Response to John Cook's "Myth of the Lisp Genius" - lisper
http://rondam.blogspot.com/2011/04/is-it-lisp-or-is-it-me.html

======
bad_user
Not that I don't agree with some of the points raised, but the article's
purpose is to be a refutation to this claim:

    
    
         There are genius programmers who write Lisp, 
         and Lisp may suit them well. But these same folks
         would also be able to accomplish amazing things in 
         other languages.
    

Languages and tools are not created equal, but the author assumes he's one of
those geniuses, which may not be the case.

Extraordinary developers do extraordinary things, regardless of the tools
used.
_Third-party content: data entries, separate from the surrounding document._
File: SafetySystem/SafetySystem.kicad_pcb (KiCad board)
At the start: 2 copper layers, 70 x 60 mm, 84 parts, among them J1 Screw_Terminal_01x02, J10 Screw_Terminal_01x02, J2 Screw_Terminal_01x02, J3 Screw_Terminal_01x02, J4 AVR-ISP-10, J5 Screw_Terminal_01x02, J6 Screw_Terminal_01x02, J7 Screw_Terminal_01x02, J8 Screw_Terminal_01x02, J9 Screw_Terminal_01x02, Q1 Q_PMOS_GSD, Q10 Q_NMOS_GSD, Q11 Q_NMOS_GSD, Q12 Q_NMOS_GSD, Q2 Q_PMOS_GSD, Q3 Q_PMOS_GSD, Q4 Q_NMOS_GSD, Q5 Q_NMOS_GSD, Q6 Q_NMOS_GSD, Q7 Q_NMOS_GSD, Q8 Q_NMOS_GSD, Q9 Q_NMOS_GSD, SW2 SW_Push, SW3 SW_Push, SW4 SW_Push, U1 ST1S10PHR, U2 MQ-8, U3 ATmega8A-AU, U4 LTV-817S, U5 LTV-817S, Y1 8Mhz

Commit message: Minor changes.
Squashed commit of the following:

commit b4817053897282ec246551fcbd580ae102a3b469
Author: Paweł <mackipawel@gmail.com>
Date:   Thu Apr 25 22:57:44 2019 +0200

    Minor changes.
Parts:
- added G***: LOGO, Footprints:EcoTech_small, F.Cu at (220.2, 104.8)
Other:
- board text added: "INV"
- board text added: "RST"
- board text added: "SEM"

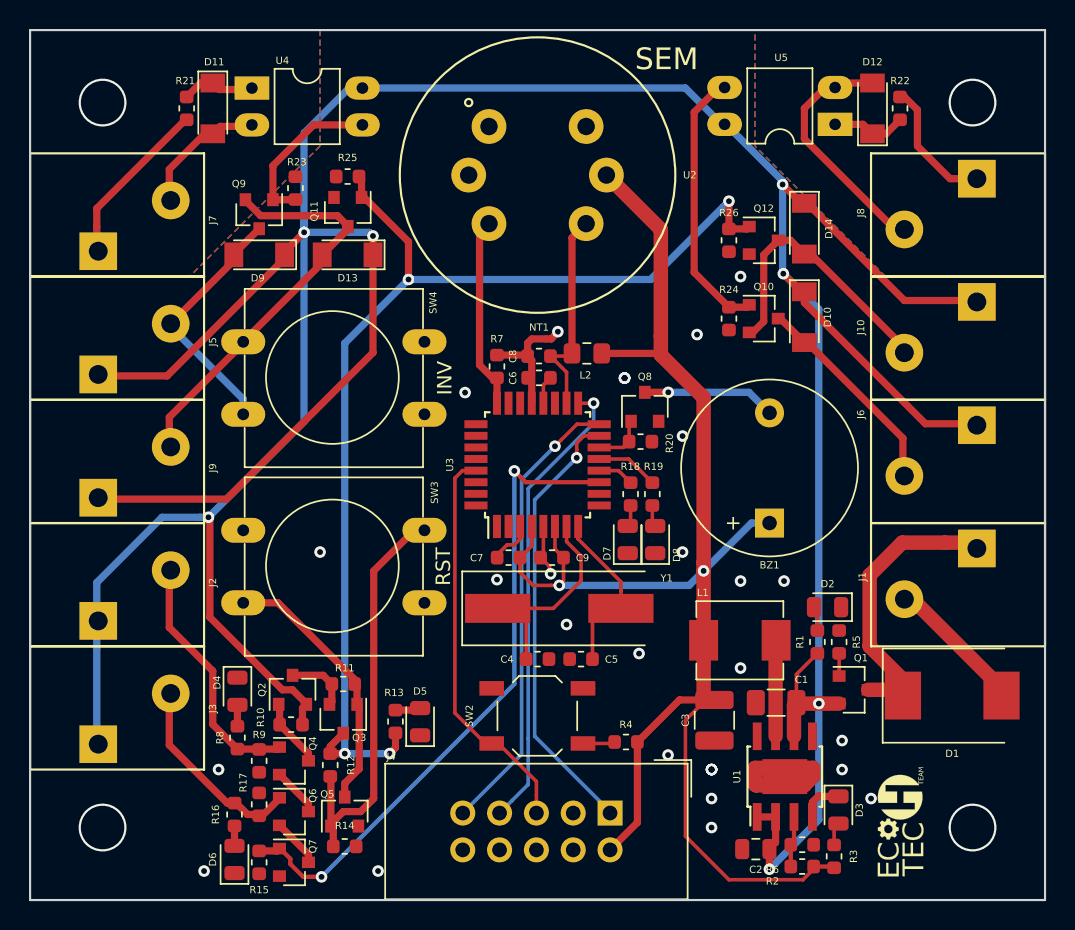
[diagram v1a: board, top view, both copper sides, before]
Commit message: SafetySystem potentiometer.
Squashed commit of the following:

commit c85b31eae362b98e5e9037a9aad6a815148d0818
Author: Paweł <mackipawel@gmail.com>
Date:   Sun Apr 28 12:07:02 2019 +0200

    Added potentiometer to the SafetySysytem.
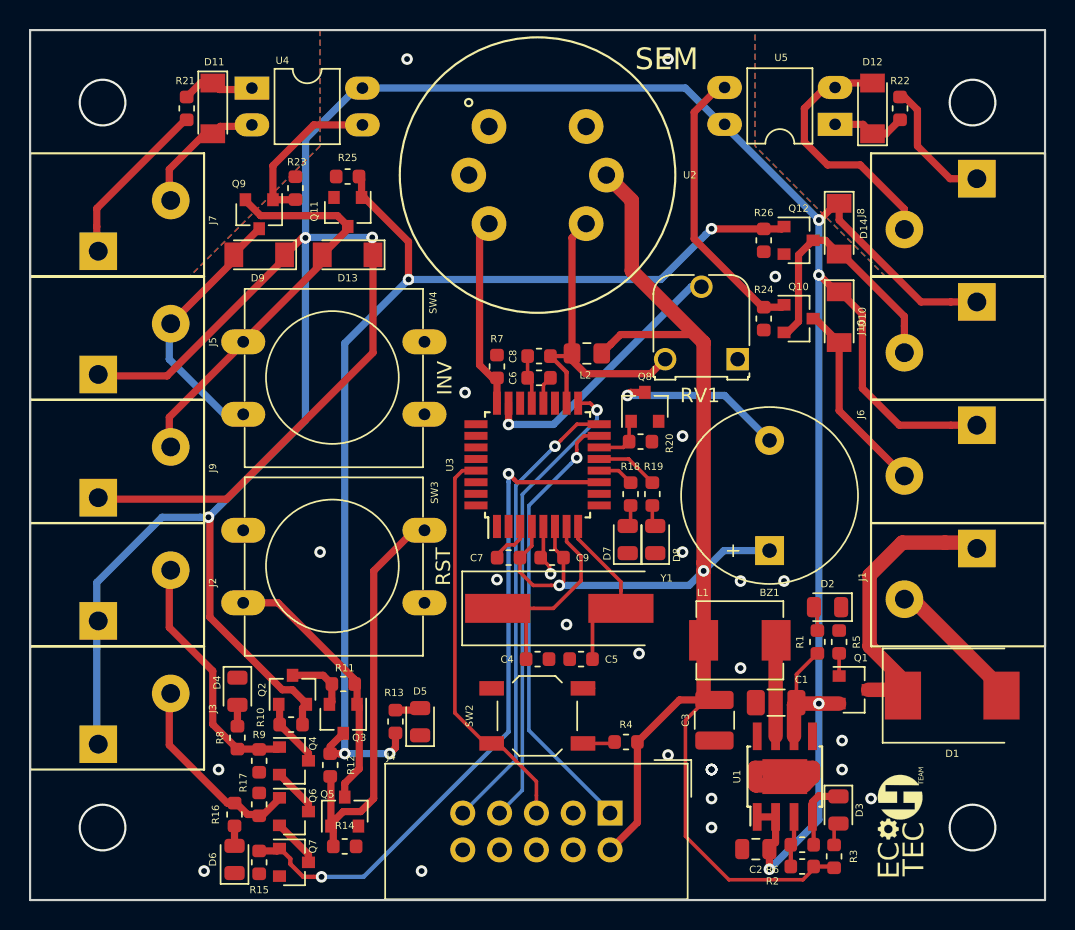
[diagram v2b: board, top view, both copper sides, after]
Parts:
- removed NT1: Net-Tie_2, NetTie:NetTie-2_SMD_Pad0.5mm
- added RV1: 10k, Potentiometer_THT:Potentiometer_Runtron_RM-065_Vertical, F.Cu at (208.8, 72.7)
- G1: renamed from G***; value LOGO -> EcoTechLogo
- moved D10 2.40 mm to (215.8, 69.8)
- moved D14 2.40 mm to (215.8, 63.7)
- moved Q10 2.40 mm to (213.0, 69.9)
- moved Q12 2.40 mm to (213.0, 64.5)
- moved R24 2.40 mm to (210.6, 69.9)
- moved R26 2.40 mm to (210.6, 64.5)
- moved BZ1 1.90 mm to (211.0, 85.9)
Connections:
- C6 pad 2: GNDA -> GND
- C8 pad 2: GNDA -> GND
- R7 pad 2: GNDA -> GND
- U3 pad 21: GNDA -> GND
- U3 pad 23: Net-(U3-Pad23) -> /ADC_POT
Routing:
- net /ADC_POT: track 0.00 -> 18.7 mm, vias 0 -> 1
- net GNDA: track 7.73 -> 0.00 mm
- net +5VA: track 14.6 -> 22.3 mm
- net GND: track 28.5 -> 33.4 mm, vias 29 -> 26
- net Net-(BZ1-Pad2): track 9.19 -> 12.4 mm
- net +12V: track 259.5 -> 256.5 mm
- net +5V: track 107.1 -> 110.0 mm
- net /H2_SIG: track 45.1 -> 46.7 mm
- net Net-(Q10-Pad1): track 18.7 -> 19.8 mm
- net Net-(D12-Pad2): track 17.0 -> 18.0 mm
- net Net-(D10-Pad2): track 14.5 -> 13.7 mm
- net /INLET: track 17.1 -> 17.8 mm
- net Net-(D14-Pad2): track 19.5 -> 18.7 mm

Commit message: Removed Switches from bus devices and added mounting holes in schematics.
Squashed commit of the following:

commit 448b4f84a5f64686dc4334a0b6d81609891ca7cf
Author: Paweł <mackipawel@gmail.com>
Date:   Sun Apr 28 20:22:14 2019 +0200

    Added mouting holes to SystemSupply.

commit d45917b7024ecbe087cb8328a2c33d3ab10399ff
Author: Paweł <mackipawel@gmail.com>
Date:   Sun Apr 28 20:13:41 2019 +0200

    Added mouting holes to SafetySystem.

commit 6365380671305e2241dc821ec3b00ae08a997ac5
Author: Paweł <mackipawel@gmail.com>
Date:   Sun Apr 28 20:11:13 2019 +0200

    Added mouting holes to SafetySupply.

commit 00163d4bba61eb48f9ebb4c601b04017e78006be
Author: Paweł <mackipawel@gmail.com>
Date:   Sun Apr 28 20:06:38 2019 +0200

    Fixed MotorController.

commit ec0507ca51ef80aebbe2605505e7109beac59e98
Author: Paweł <mackipawel@gmail.com>
Date:   Sun Apr 28 19:54:40 2019 +0200

    Fixed MotorDriver.
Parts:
- added H1: MountingHole, MountingHole:MountingHole_3.2mm_M3, F.Cu at (225.0, 55.0)
- added H2: MountingHole, MountingHole:MountingHole_3.2mm_M3, F.Cu at (225.0, 105.0)
- added H3: MountingHole, MountingHole:MountingHole_3.2mm_M3, F.Cu at (165.0, 105.0)
- added H4: MountingHole, MountingHole:MountingHole_3.2mm_M3, F.Cu at (165.0, 55.0)
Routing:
- net (no net): vias 4 -> 0

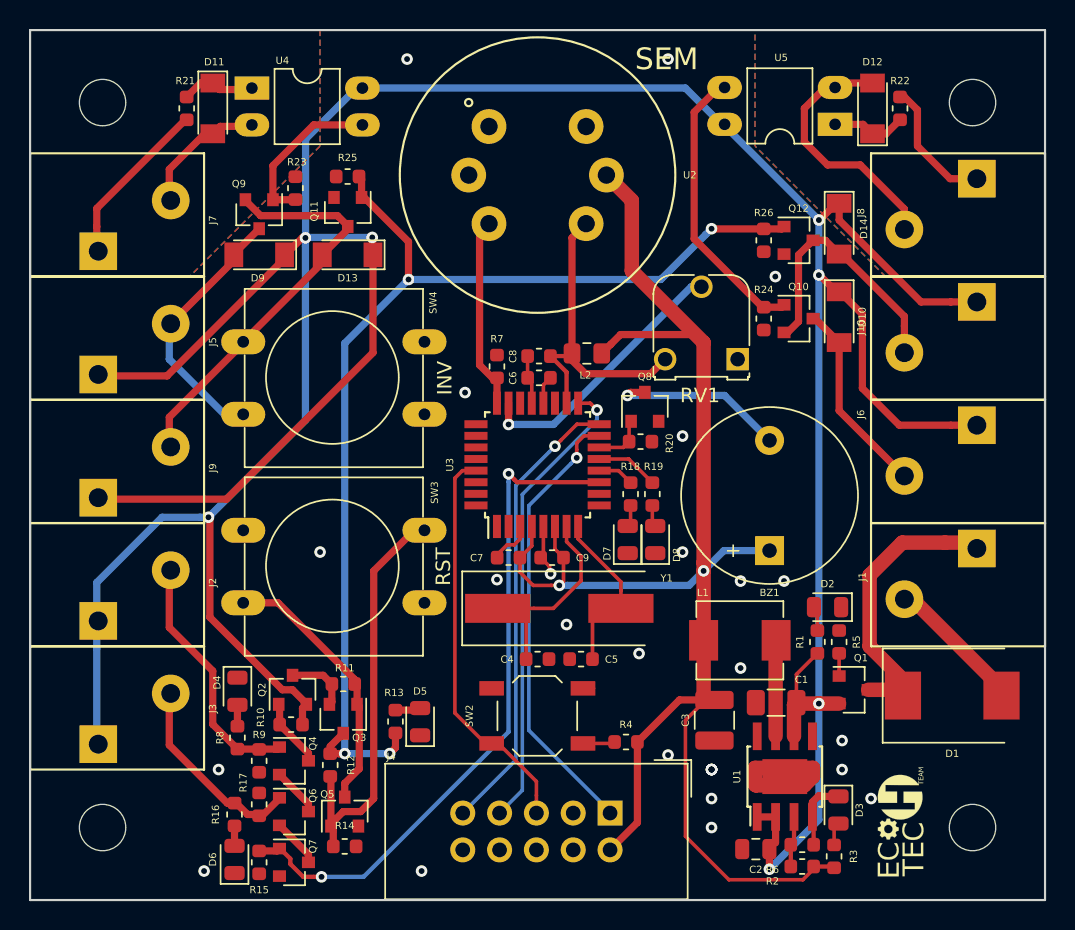
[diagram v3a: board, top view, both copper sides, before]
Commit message: Added testpoints.
Squashed commit of the following:

commit b78741095f1293168643ce5f943c13a7eb09b318
Author: Paweł <mackipawel@gmail.com>
Date:   Thu May 2 10:22:35 2019 +0200

    Added testpoints to remaining projects.

commit d708f3fd02ddff10684a41533d76b9b66ea6c8f4
Author: Paweł <mackipawel@gmail.com>
Date:   Sun Apr 28 23:49:47 2019 +0200

    Added testpoints in MotorController and MotorDriver.
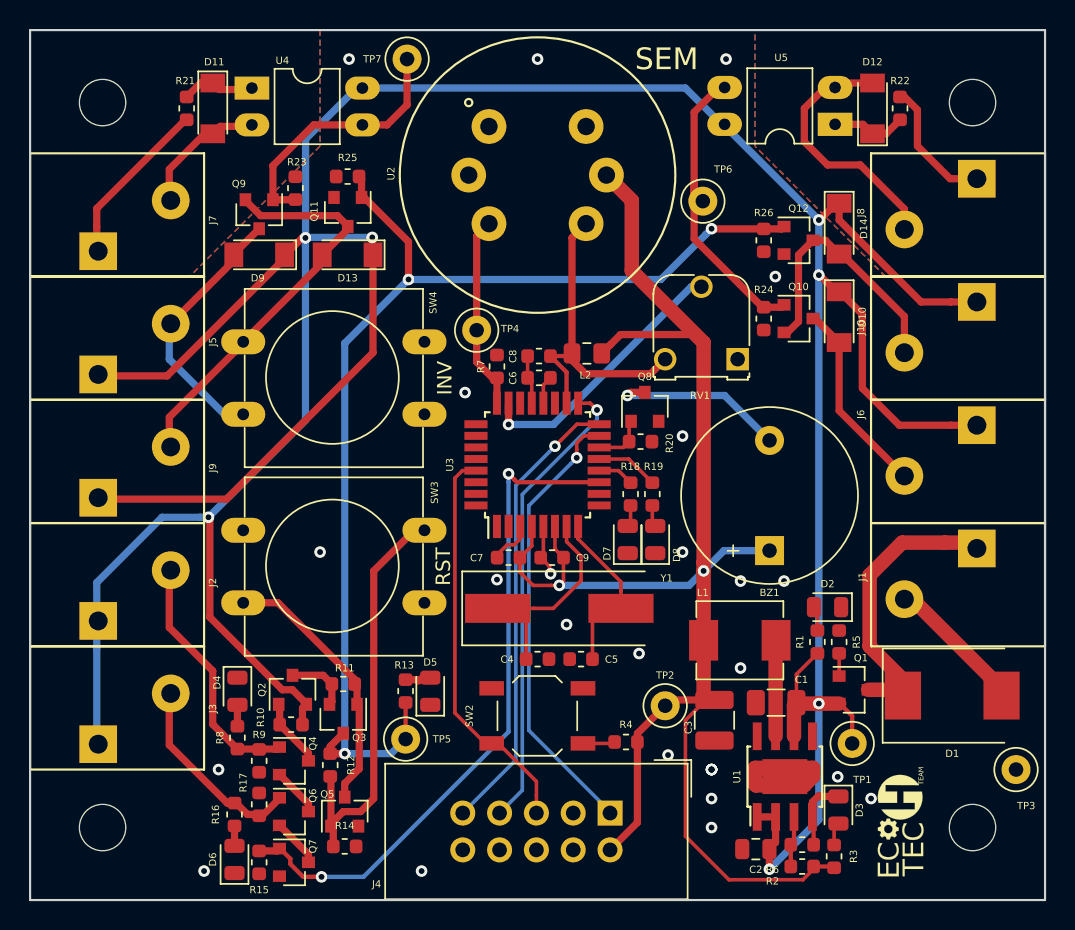
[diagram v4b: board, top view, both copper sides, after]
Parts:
- added TP1: TestPoint, TestPoint:TestPoint_Loop_D1.80mm_Drill1.0mm_Beaded, F.Cu at (216.7, 99.2)
- added TP2: TestPoint, TestPoint:TestPoint_Loop_D1.80mm_Drill1.0mm_Beaded, F.Cu at (203.8, 96.6)
- added TP3: TestPoint, TestPoint:TestPoint_Loop_D1.80mm_Drill1.0mm_Beaded, F.Cu at (228.0, 101.0)
- added TP4: TestPoint, TestPoint:TestPoint_Loop_D1.80mm_Drill1.0mm_Beaded, F.Cu at (190.8, 70.7)
- added TP5: TestPoint, TestPoint:TestPoint_Loop_D1.80mm_Drill1.0mm_Beaded, F.Cu at (185.9, 98.9)
- added TP6: TestPoint, TestPoint:TestPoint_Loop_D1.80mm_Drill1.0mm_Beaded, F.Cu at (206.4, 61.8)
- added TP7: TestPoint, TestPoint:TestPoint_Loop_D1.80mm_Drill1.0mm_Beaded, F.Cu at (186.0, 52.0)
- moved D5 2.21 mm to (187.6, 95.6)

Here's an example, using as reference
<http://en.wikipedia.org/wiki/Git_(software)#Early_history>

_The development of Git began on April 3, 2005. The project was announced on
April 6, and became self-hosting as of April 7. The first merge of multiple
branches was done on April 18. Torvalds achieved his performance goals; on
April 29, the nascent Git was benchmarked recording patches to the Linux
kernel tree at the rate of 6.7 per second._

And here's the kicker: Linus would probably be more productive in LISP, but
would he bring more value to the world? Probably not, as churning out code is
not Linus' strength -- he outcompetes everyone by superior design, by
pragmatism and by being a good team-leader.

That's the type of developer I admire -- people that kick-ass in bringing
value and making sacrifices is part of that. Sometimes you have the luxury of
picking up a new language (Ruby) and invent a new web framework with it
(Rails), sometimes you don't. Either way, code talks bullshit walks (so to
speak).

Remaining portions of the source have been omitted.